Application of our metric to scRNA-Seq data revealed that the problem there is even worse than for hyperspheres (Fig. 3). For instance, it is currently common to use t-SNE or UMAP to reduce scRNA-Seq data to two dimensions for visualizations and, in many cases, downstream data analysis^{20, 24, 25}. Our work revealed that nearly 100% of the local neighborhood structure is disrupted by this kind of dimensionality reduction. We found that this level of distortion has a significant effect on the results of common analyses such as cell type clustering and pseudotime ordering (Fig. 4).

There are several practical implications of our findings for routine scRNA-Seq analysis. For one, it seems likely productive to perform cell-type clustering using a set of “Highly Variable Genes” provided by popular packages like Seurat, because this preserves the resulting clusters while reducing dimensionality (and thus the computational resources required) by about an order of magnitude (Fig. 4). Another straightforward recommendation flowing from this work is to exercise caution when analyzing data in dimensions that are significantly smaller than the ambient space of the original measurements, particularly the 2-D representations generated by t-SNE or UMAP. We recommend that practitioners use the AJD to track the distortion they introduce into their dimensionally-reduced data and report it so that others can understand potential biases and errors that may affect the results of analyses that rely on local relationships between cells in the dataset.

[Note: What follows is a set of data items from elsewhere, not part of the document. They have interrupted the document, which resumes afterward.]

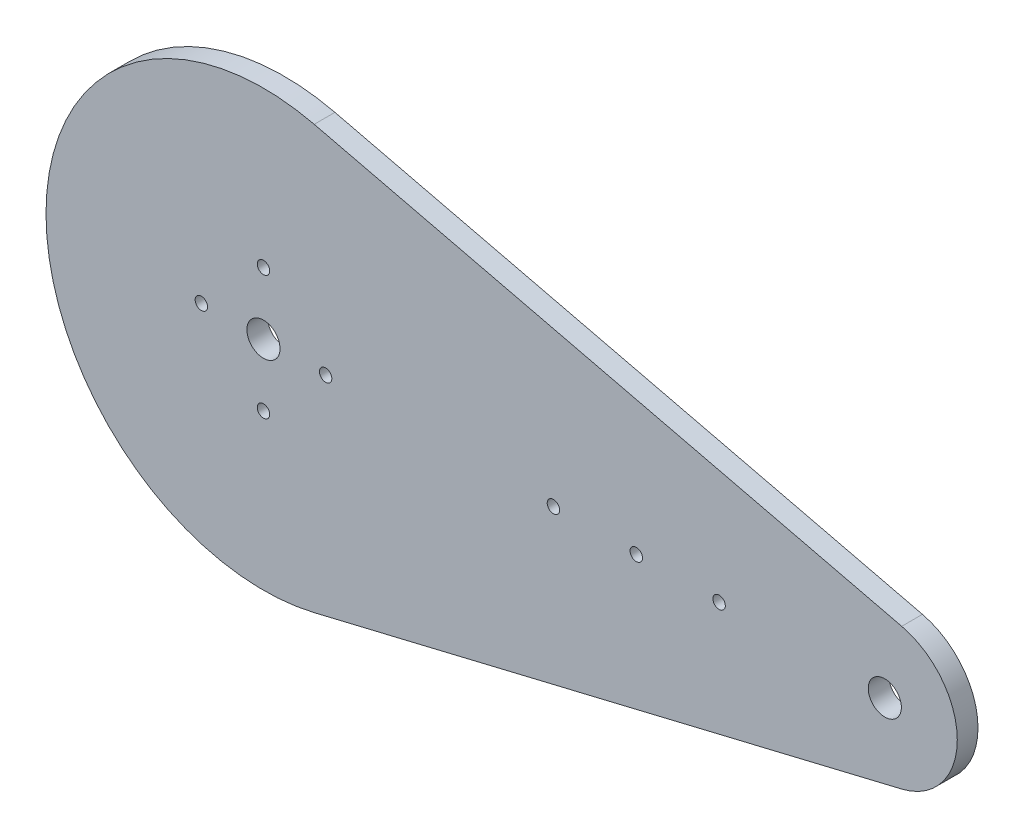
from build123d import *

# Parameters (mm, degrees)
SKETCH1_R           = 1.5
SKETCH1_R_2         = 4
BOSS_EXTRUDE1_DEPTH = 5


with BuildPart() as part:
    # Sketch1 → Boss-Extrude1 (new body)
    with BuildSketch(Plane.XY):
        with BuildLine():
            ThreePointArc((12.25, 51.05083251), (-52.5, 0), (12.25, -51.05083251))
            Line((12.25, -51.05083251), (154.083333333, -17.01694417))
            ThreePointArc((154.083333333, -17.01694417), (167.5, 0), (154.083333333, 17.01694417))
            Line((154.083333333, 17.01694417), (12.25, 51.05083251))
        make_face()
        with Locations((0, -15)):
            Circle(SKETCH1_R, mode=Mode.SUBTRACT)
        with Locations((-15, 0)):
            Circle(SKETCH1_R, mode=Mode.SUBTRACT)
        Circle(SKETCH1_R_2, mode=Mode.SUBTRACT)
        with BuildLine():
            ThreePointArc((16.5, 0), (15, -1.5), (13.5, 0))
            ThreePointArc((13.5, 0), (15, 1.5), (16.5, 0))
        make_face(mode=Mode.SUBTRACT)
        with Locations((0, 15)):
            Circle(SKETCH1_R, mode=Mode.SUBTRACT)
        with Locations((70, 0)):
            Circle(SKETCH1_R, mode=Mode.SUBTRACT)
        with Locations((90, 0)):
            Circle(SKETCH1_R, mode=Mode.SUBTRACT)
        with Locations((110, 0)):
            Circle(SKETCH1_R, mode=Mode.SUBTRACT)
        with Locations((150, 0)):
            Circle(SKETCH1_R_2, mode=Mode.SUBTRACT)
    extrude(amount=BOSS_EXTRUDE1_DEPTH)


solid = part.part
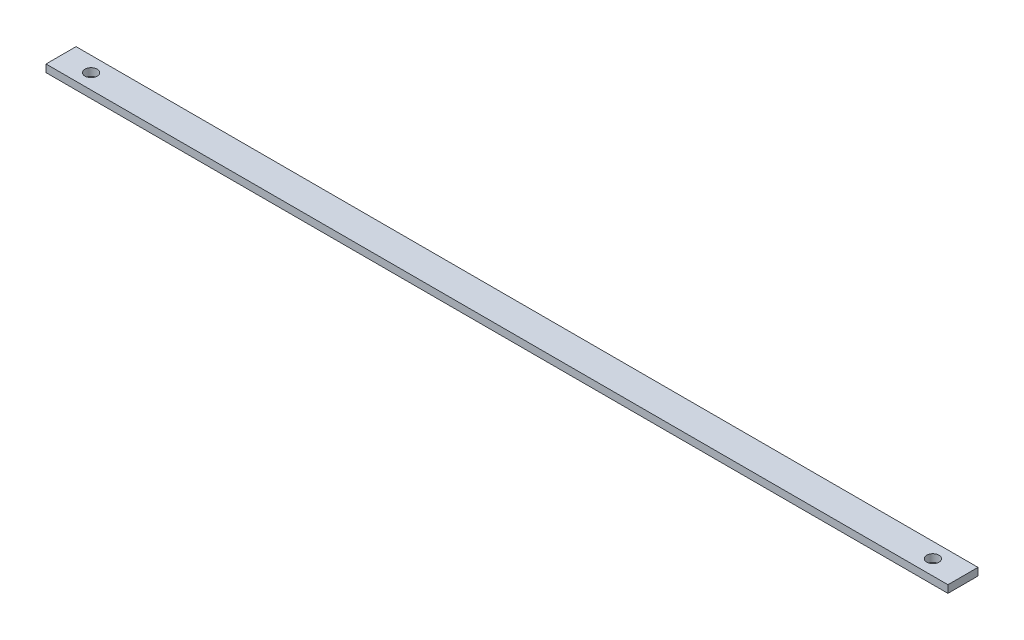
from build123d import *

# Parameters (mm, degrees)
SKETCH2_W           = 762
SKETCH2_H           = 25.4
BOSS_EXTRUDE3_DEPTH = 6.35
SKETCH5_R           = 5.159375
CUT_EXTRUDE1_DEPTH  = 382.264491528


with BuildPart() as part:
    # Sketch2 → Boss-Extrude3 (new body)
    with BuildSketch(Plane(origin=(0, 0, 0), x_dir=(1, 0, 0), z_dir=(0, 1, 0))):
        Rectangle(SKETCH2_W, SKETCH2_H)
    extrude(amount=BOSS_EXTRUDE3_DEPTH)

    # Sketch5 → Cut-Extrude1 (cut, through all)
    with BuildSketch(Plane(origin=(0, 6.35, 0), x_dir=(1, 0, 0), z_dir=(0, 1, 0))):
        with Locations(Location((355.6, 0, 0), (0, 0, 270))):
            Circle(SKETCH5_R)
        with Locations(Location((-355.6, 0, 0), (0, 0, 90))):
            Circle(SKETCH5_R)
    extrude(amount=-CUT_EXTRUDE1_DEPTH, mode=Mode.SUBTRACT)


solid = part.part
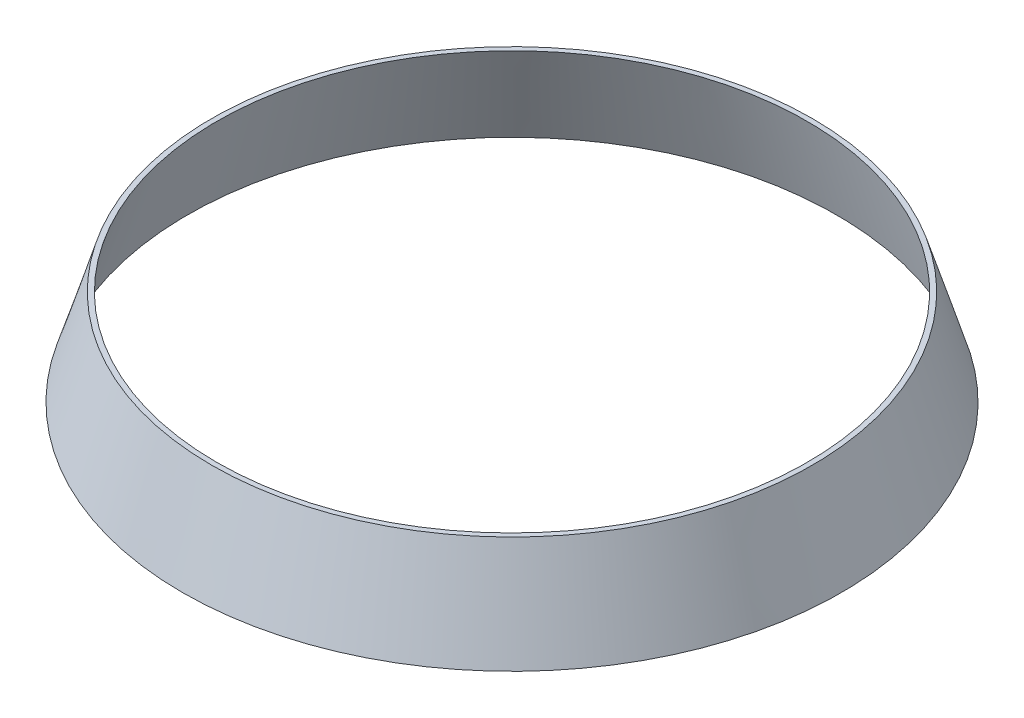
from build123d import *

# Parameters (mm, degrees)
SHELL1_T = 1


with BuildPart() as part:
    # Sketch2 → Revolve1 (revolve)
    with BuildSketch(Plane.XY, mode=Mode.PRIVATE) as revolve1_sk:
        Polygon((0, 0), (6.114613629, 20), (67.864613629, 20), (67.864613629, 0), align=None)
    revolve(revolve1_sk.sketch.rotate(Axis((67.864613629, 20, 0), (0, -1, 0)), 270), axis=Axis((67.864613629, 20, 0), (0, -1, 0)))

    # Shell1
    shell1_openings = [part.faces().sort_by_distance(p)[0] for p in [
        (67.864613629, 20, 0),
        (67.864613629, 0, 0),
    ]]
    offset(amount=SHELL1_T, openings=shell1_openings, kind=Kind.INTERSECTION)


solid = part.part
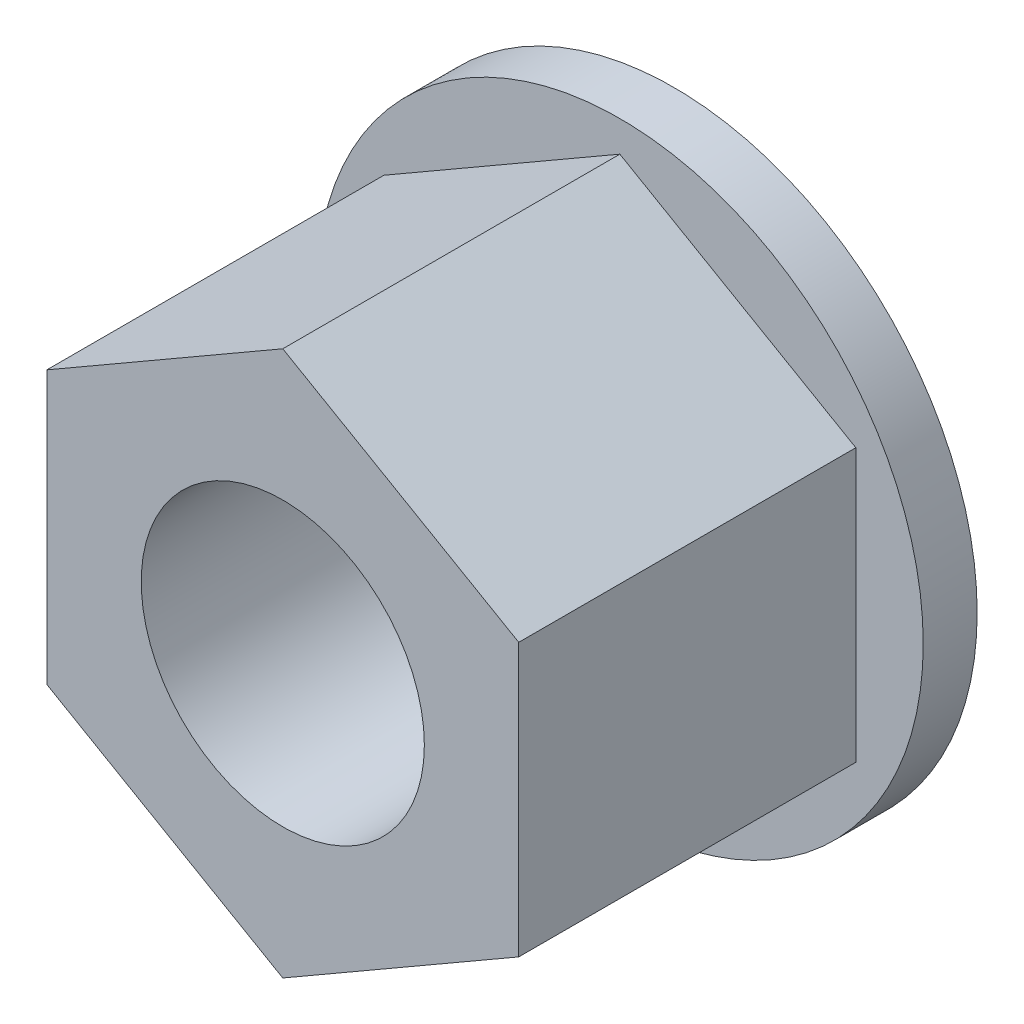
from build123d import *

# Parameters (mm, degrees)
M4_WASHER_ENVELOPE_PROFILE_R        = 4.5
M4_WASHER_ENVELOPE_PROFILE_R_2      = 2.1
M4_WASHER_ENVELOPE_DEPTH            = 0.8
M4_START                            = 0.8
M4_LOCKNUT_OUTER_ENVELOPE_PROFILE_R = 2.1
M4_LOCKNUT_OUTER_ENVELOPE_DEPTH     = 5


with BuildPart() as part:
    # M4 washer envelope profile → M4 washer envelope (new body)
    with BuildSketch(Plane.XY):
        Circle(M4_WASHER_ENVELOPE_PROFILE_R)
        Circle(M4_WASHER_ENVELOPE_PROFILE_R_2, mode=Mode.SUBTRACT)
    extrude(amount=M4_WASHER_ENVELOPE_DEPTH)

    # M4 locknut outer envelope profile → M4 locknut outer envelope (add)
    with BuildSketch(Plane.XY.offset(M4_START)):
        Polygon((3.5, 2.020725942), (0, 4.041451884), (-3.5, 2.020725942), (-3.5, -2.020725942), (0, -4.041451884), (3.5, -2.020725942), align=None)
        Circle(M4_LOCKNUT_OUTER_ENVELOPE_PROFILE_R, mode=Mode.SUBTRACT)
    extrude(amount=M4_LOCKNUT_OUTER_ENVELOPE_DEPTH)


solid = part.part

Of course, one question raised by our results is whether or not meaningful dimensionality reduction of scRNA-Seq data is possible at all. The poor performance of NDR techniques on the simple hypersphere tests makes it difficult to say whether the results we obtained for scRNA-Seq data are due to the limitations of available techniques or because the data do not actually lie on a low-dimensional manifold. The only technique that we found to provide something close to a “true” embedding, PCA, does so only at dimensionalities that are close to the maximum possible dimensionality that can be obtained by the technique (Fig. 3). The development of new NDR techniques that are more effective at finding true embeddings thus represent a critical step in answering central questions in cell biology. Until such techniques are developed, the relentless expansion of single-cell genomics to larger and larger scales may provide a wealth of new data that cannot be optimally mined for its biological insights.

## Acknowledgments

We thank members of the Ray lab and Tom Kolokotrones for useful discussions. This work was supported in part by an Institutional Development Award (IDeA) from the National Institute of General Medical Sciences of the National Institutes of Health under Award Number P20GM103638 to JCJR. The content is solely the responsibility of the authors and does not necessarily represent the official views of the National Institutes of Health.